THE FALL OF SIR DOUGLAS WEATHERFORD: remembering when people had attention spans

Photo caption: Peter Mullan (center front) in THE FALL OF SIR DOUGLAS WEATHERFORD. Courtesy of MUBI.

In the droll British satire The Fall of Sir Douglas Weatherford, Kenneth (Peter Mullan) works for the museum of the local country manor house, giving tours of the grounds. Kenneth is an enthusiastic interpreter of the history he has learned, and uncritically worships the manor’s 18th Century owner, Sir Douglas Weatherford. When an episodic television fantasy series, closely resembling Game of Thrones, arranges to film on the estate’s grounds, the village is deluged with its fans. Kenneth cannot understand why the mobs of fans, many of whom dress in the faux-medieval garb of the series, are obsessed with every detail of the fictional story and are devoted to its celebrity actors. He is further offender that they show no interest in the local history that is his life’s work.

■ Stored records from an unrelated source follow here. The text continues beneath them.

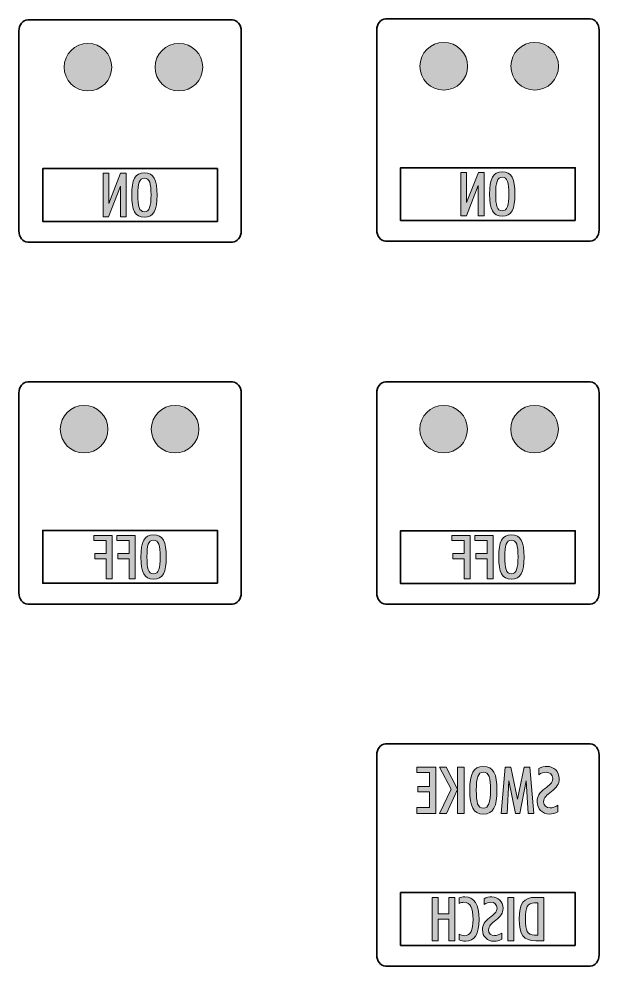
# Model space of a CAD drawing. Header units: millimetres. Extents: x 8 to 201, y 31 to 295.
# Drawn here: x 52.9 to 89.5, y 31.4 to 91.1 of the extents above; entities that cross this region are included whole.
import ezdxf

# ---------------------------------------------------------------- set-up
doc = ezdxf.new("R2010")
doc.units = ezdxf.units.MM
doc.header["$MEASUREMENT"] = 0
doc.layers.add('Layer 1', color=7, linetype='Continuous', lineweight=0)

# ---------------------------------------------------------------- blocks, each defined once
blk = doc.blocks.new('Block_32')
at = {"layer": 'Layer 1', "true_color": 0x1d1e1b, "transparency": 33554687}
h = blk.add_hatch(color=250, dxfattribs=at)
h.dxf.hatch_style = 2
edge = h.paths.add_edge_path()
edge.add_spline(control_points=[(58.815, 55.779), (58.815, 55.779), (58.435, 55.779), (58.435, 55.779), (58.435, 55.779), (58.435, 57.039), (58.435, 57.039), (58.435, 57.039), (57.724, 57.039), (57.724, 57.039), (57.724, 57.039), (57.724, 57.365), (57.724, 57.365), (57.724, 57.365), (58.435, 57.365), (58.435, 57.365), (58.435, 57.365), (58.435, 58.181), (58.435, 58.181), (58.435, 58.181), (57.661, 58.181), (57.661, 58.181), (57.661, 58.181), (57.661, 58.51), (57.661, 58.51), (57.661, 58.51), (58.815, 58.51), (58.815, 58.51), (58.815, 58.51), (58.815, 55.779), (58.815, 55.779)], knot_values=[0, 0, 0, 0, 1, 1, 1, 2, 2, 2, 3, 3, 3, 4, 4, 4, 5, 5, 5, 6, 6, 6, 7, 7, 7, 8, 8, 8, 9, 9, 9, 10, 10, 10, 10], degree=3, periodic=0)
h = blk.add_hatch(color=250, dxfattribs=at)
h.dxf.hatch_style = 2
edge = h.paths.add_edge_path()
edge.add_spline(control_points=[(60.265, 55.779), (60.265, 55.779), (59.886, 55.779), (59.886, 55.779), (59.886, 55.779), (59.886, 57.039), (59.886, 57.039), (59.886, 57.039), (59.174, 57.039), (59.174, 57.039), (59.174, 57.039), (59.174, 57.365), (59.174, 57.365), (59.174, 57.365), (59.886, 57.365), (59.886, 57.365), (59.886, 57.365), (59.886, 58.181), (59.886, 58.181), (59.886, 58.181), (59.111, 58.181), (59.111, 58.181), (59.111, 58.181), (59.111, 58.51), (59.111, 58.51), (59.111, 58.51), (60.265, 58.51), (60.265, 58.51), (60.265, 58.51), (60.265, 55.779), (60.265, 55.779)], knot_values=[0, 0, 0, 0, 1, 1, 1, 2, 2, 2, 3, 3, 3, 4, 4, 4, 5, 5, 5, 6, 6, 6, 7, 7, 7, 8, 8, 8, 9, 9, 9, 10, 10, 10, 10], degree=3, periodic=0)
h = blk.add_hatch(color=250, dxfattribs=at)
h.dxf.hatch_style = 2
edge = h.paths.add_edge_path()
edge.add_spline(control_points=[(61.838, 57.15), (61.838, 57.867), (61.747, 58.204), (61.419, 58.204), (61.091, 58.204), (61.004, 57.867), (61.004, 57.15), (61.004, 56.434), (61.079, 56.093), (61.415, 56.093), (61.739, 56.093), (61.838, 56.43), (61.838, 57.15)], knot_values=[0, 0, 0, 0, 1, 1, 1, 2, 2, 2, 3, 3, 3, 4, 4, 4, 4], degree=3, periodic=0)
edge = h.paths.add_edge_path()
edge.add_spline(control_points=[(62.221, 57.143), (62.221, 56.185), (62.012, 55.745), (61.419, 55.745), (60.826, 55.745), (60.621, 56.189), (60.621, 57.143), (60.621, 58.1), (60.826, 58.545), (61.419, 58.545), (62.012, 58.545), (62.221, 58.1), (62.221, 57.143)], knot_values=[0, 0, 0, 0, 1, 1, 1, 2, 2, 2, 3, 3, 3, 4, 4, 4, 4], degree=3, periodic=0)
at = {"layer": 'Layer 1'}
for points, knots in [([(58.815, 55.779), (58.815, 55.779), (58.435, 55.779), (58.435, 55.779), (58.435, 55.779), (58.435, 57.039), (58.435, 57.039), (58.435, 57.039), (57.724, 57.039), (57.724, 57.039), (57.724, 57.039), (57.724, 57.365), (57.724, 57.365), (57.724, 57.365), (58.435, 57.365), (58.435, 57.365), (58.435, 57.365), (58.435, 58.181), (58.435, 58.181), (58.435, 58.181), (57.661, 58.181), (57.661, 58.181), (57.661, 58.181), (57.661, 58.51), (57.661, 58.51), (57.661, 58.51), (58.815, 58.51), (58.815, 58.51), (58.815, 58.51), (58.815, 55.779), (58.815, 55.779)], [0, 0, 0, 0, 1, 1, 1, 2, 2, 2, 3, 3, 3, 4, 4, 4, 5, 5, 5, 6, 6, 6, 7, 7, 7, 8, 8, 8, 9, 9, 9, 10, 10, 10, 10]), ([(60.265, 55.779), (60.265, 55.779), (59.886, 55.779), (59.886, 55.779), (59.886, 55.779), (59.886, 57.039), (59.886, 57.039), (59.886, 57.039), (59.174, 57.039), (59.174, 57.039), (59.174, 57.039), (59.174, 57.365), (59.174, 57.365), (59.174, 57.365), (59.886, 57.365), (59.886, 57.365), (59.886, 57.365), (59.886, 58.181), (59.886, 58.181), (59.886, 58.181), (59.111, 58.181), (59.111, 58.181), (59.111, 58.181), (59.111, 58.51), (59.111, 58.51), (59.111, 58.51), (60.265, 58.51), (60.265, 58.51), (60.265, 58.51), (60.265, 55.779), (60.265, 55.779)], [0, 0, 0, 0, 1, 1, 1, 2, 2, 2, 3, 3, 3, 4, 4, 4, 5, 5, 5, 6, 6, 6, 7, 7, 7, 8, 8, 8, 9, 9, 9, 10, 10, 10, 10]), ([(62.221, 57.143), (62.221, 56.185), (62.012, 55.745), (61.419, 55.745), (60.826, 55.745), (60.621, 56.189), (60.621, 57.143), (60.621, 58.1), (60.826, 58.545), (61.419, 58.545), (62.012, 58.545), (62.221, 58.1), (62.221, 57.143)], [0, 0, 0, 0, 1, 1, 1, 2, 2, 2, 3, 3, 3, 4, 4, 4, 4]), ([(61.838, 57.15), (61.838, 57.867), (61.747, 58.204), (61.419, 58.204), (61.091, 58.204), (61.004, 57.867), (61.004, 57.15), (61.004, 56.434), (61.079, 56.093), (61.415, 56.093), (61.739, 56.093), (61.838, 56.43), (61.838, 57.15)], [0, 0, 0, 0, 1, 1, 1, 2, 2, 2, 3, 3, 3, 4, 4, 4, 4])]:
    blk.add_open_spline(points, degree=3, knots=knots, dxfattribs=at)
blk = doc.blocks.new('Block_155')
at = {"layer": 'Layer 1', "true_color": 0x1d1e1b, "transparency": 33554687}
h = blk.add_hatch(color=250, dxfattribs=at)
h.dxf.hatch_style = 2
edge = h.paths.add_edge_path()
edge.add_spline(control_points=[(82.237, 78.649), (82.237, 78.649), (81.877, 78.649), (81.877, 78.649), (81.877, 78.649), (81.877, 80.561), (81.877, 80.561), (81.877, 80.561), (81.134, 78.649), (81.134, 78.649), (81.134, 78.649), (80.779, 78.649), (80.779, 78.649), (80.779, 78.649), (80.779, 81.381), (80.779, 81.381), (80.779, 81.381), (81.138, 81.381), (81.138, 81.381), (81.138, 81.381), (81.138, 79.485), (81.138, 79.485), (81.138, 79.485), (81.885, 81.381), (81.885, 81.381), (81.885, 81.381), (82.237, 81.381), (82.237, 81.381), (82.237, 81.381), (82.237, 78.649), (82.237, 78.649)], knot_values=[0, 0, 0, 0, 1, 1, 1, 2, 2, 2, 3, 3, 3, 4, 4, 4, 5, 5, 5, 6, 6, 6, 7, 7, 7, 8, 8, 8, 9, 9, 9, 10, 10, 10, 10], degree=3, periodic=0)
h = blk.add_hatch(color=250, dxfattribs=at)
h.dxf.hatch_style = 2
edge = h.paths.add_edge_path()
edge.add_spline(control_points=[(83.806, 80.021), (83.806, 80.737), (83.715, 81.074), (83.387, 81.074), (83.059, 81.074), (82.972, 80.737), (82.972, 80.021), (82.972, 79.305), (83.047, 78.964), (83.383, 78.964), (83.707, 78.964), (83.806, 79.301), (83.806, 80.021)], knot_values=[0, 0, 0, 0, 1, 1, 1, 2, 2, 2, 3, 3, 3, 4, 4, 4, 4], degree=3, periodic=0)
edge = h.paths.add_edge_path()
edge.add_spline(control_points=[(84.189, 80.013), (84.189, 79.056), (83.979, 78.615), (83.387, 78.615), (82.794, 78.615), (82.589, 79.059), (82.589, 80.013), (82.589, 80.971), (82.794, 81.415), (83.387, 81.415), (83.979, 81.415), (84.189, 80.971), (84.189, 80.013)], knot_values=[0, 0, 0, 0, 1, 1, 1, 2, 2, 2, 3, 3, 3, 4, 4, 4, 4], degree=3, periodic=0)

Even Sir Douglas Weatherford’s present-day descendants drop Kenneth’s beloved history programming to capitalize on the fantasy craze. Kenneth’s bewilderment spins into rage, and, when he loses his job, he decompensates. Kenneth, his world turned upside down, plots an epic revenge.

There are essentially two jokes in The Fall of Sir Douglas Weatherford. The first is that Kenneth sees Sir Douglas Weatherford as a giant of the Age of Enlightenment like Isaac Newton or Edmond Burke. In fact, the achievements of Sir Douglas that Kenneth so reveres are objectively inconsequential. Furthermore, Sir Douglas’ values were exactly on the wrong-side-of-history. He was an historical figure who would get cancelled today, if anyone except Kenneth remembered him.

The second joke is in mocking today’s embrace of celebrity culture and shallow entertainment, and the prevalent lack of embarrassment at historical illiteracy. Kenneth is right about all of this, but it doesn’t surprise anyone else, and Kenneth takes it way too seriously.

Although Kenneth focues on the 1700s (and, as a re-enactor, even sometimes dresses in that way), he is really stuck in the 1980s, before the Internet Age, when there was a common national culture and people still had attention spans.

Here’s what I found funniest – the actual Weatherford descendant, who smugly fancies herself as a progressive and a radical environmentalist, is exactly the entitled awful person that Sir Douglas and his forebears must have been.

Peter Mullan is superb. A great screen actor, he imbues Kenneth with both stunned confusion and simmering fury; Kenneth is almost always outwardly stoic, even as he is raging inside.

I tend to like droll dark comedies, but The Fall of Sir Douglas Weatherford was such a slow boil that I kept losing interest. The premise is very funny, but even deadpan needs to move more quickly. The pace drained the comic impact of the absurdities.

I screened The Fall of Sir Douglas Weatherford for SFFILM, where I did not choose to recommend it. It is releasing into theaters this weekend.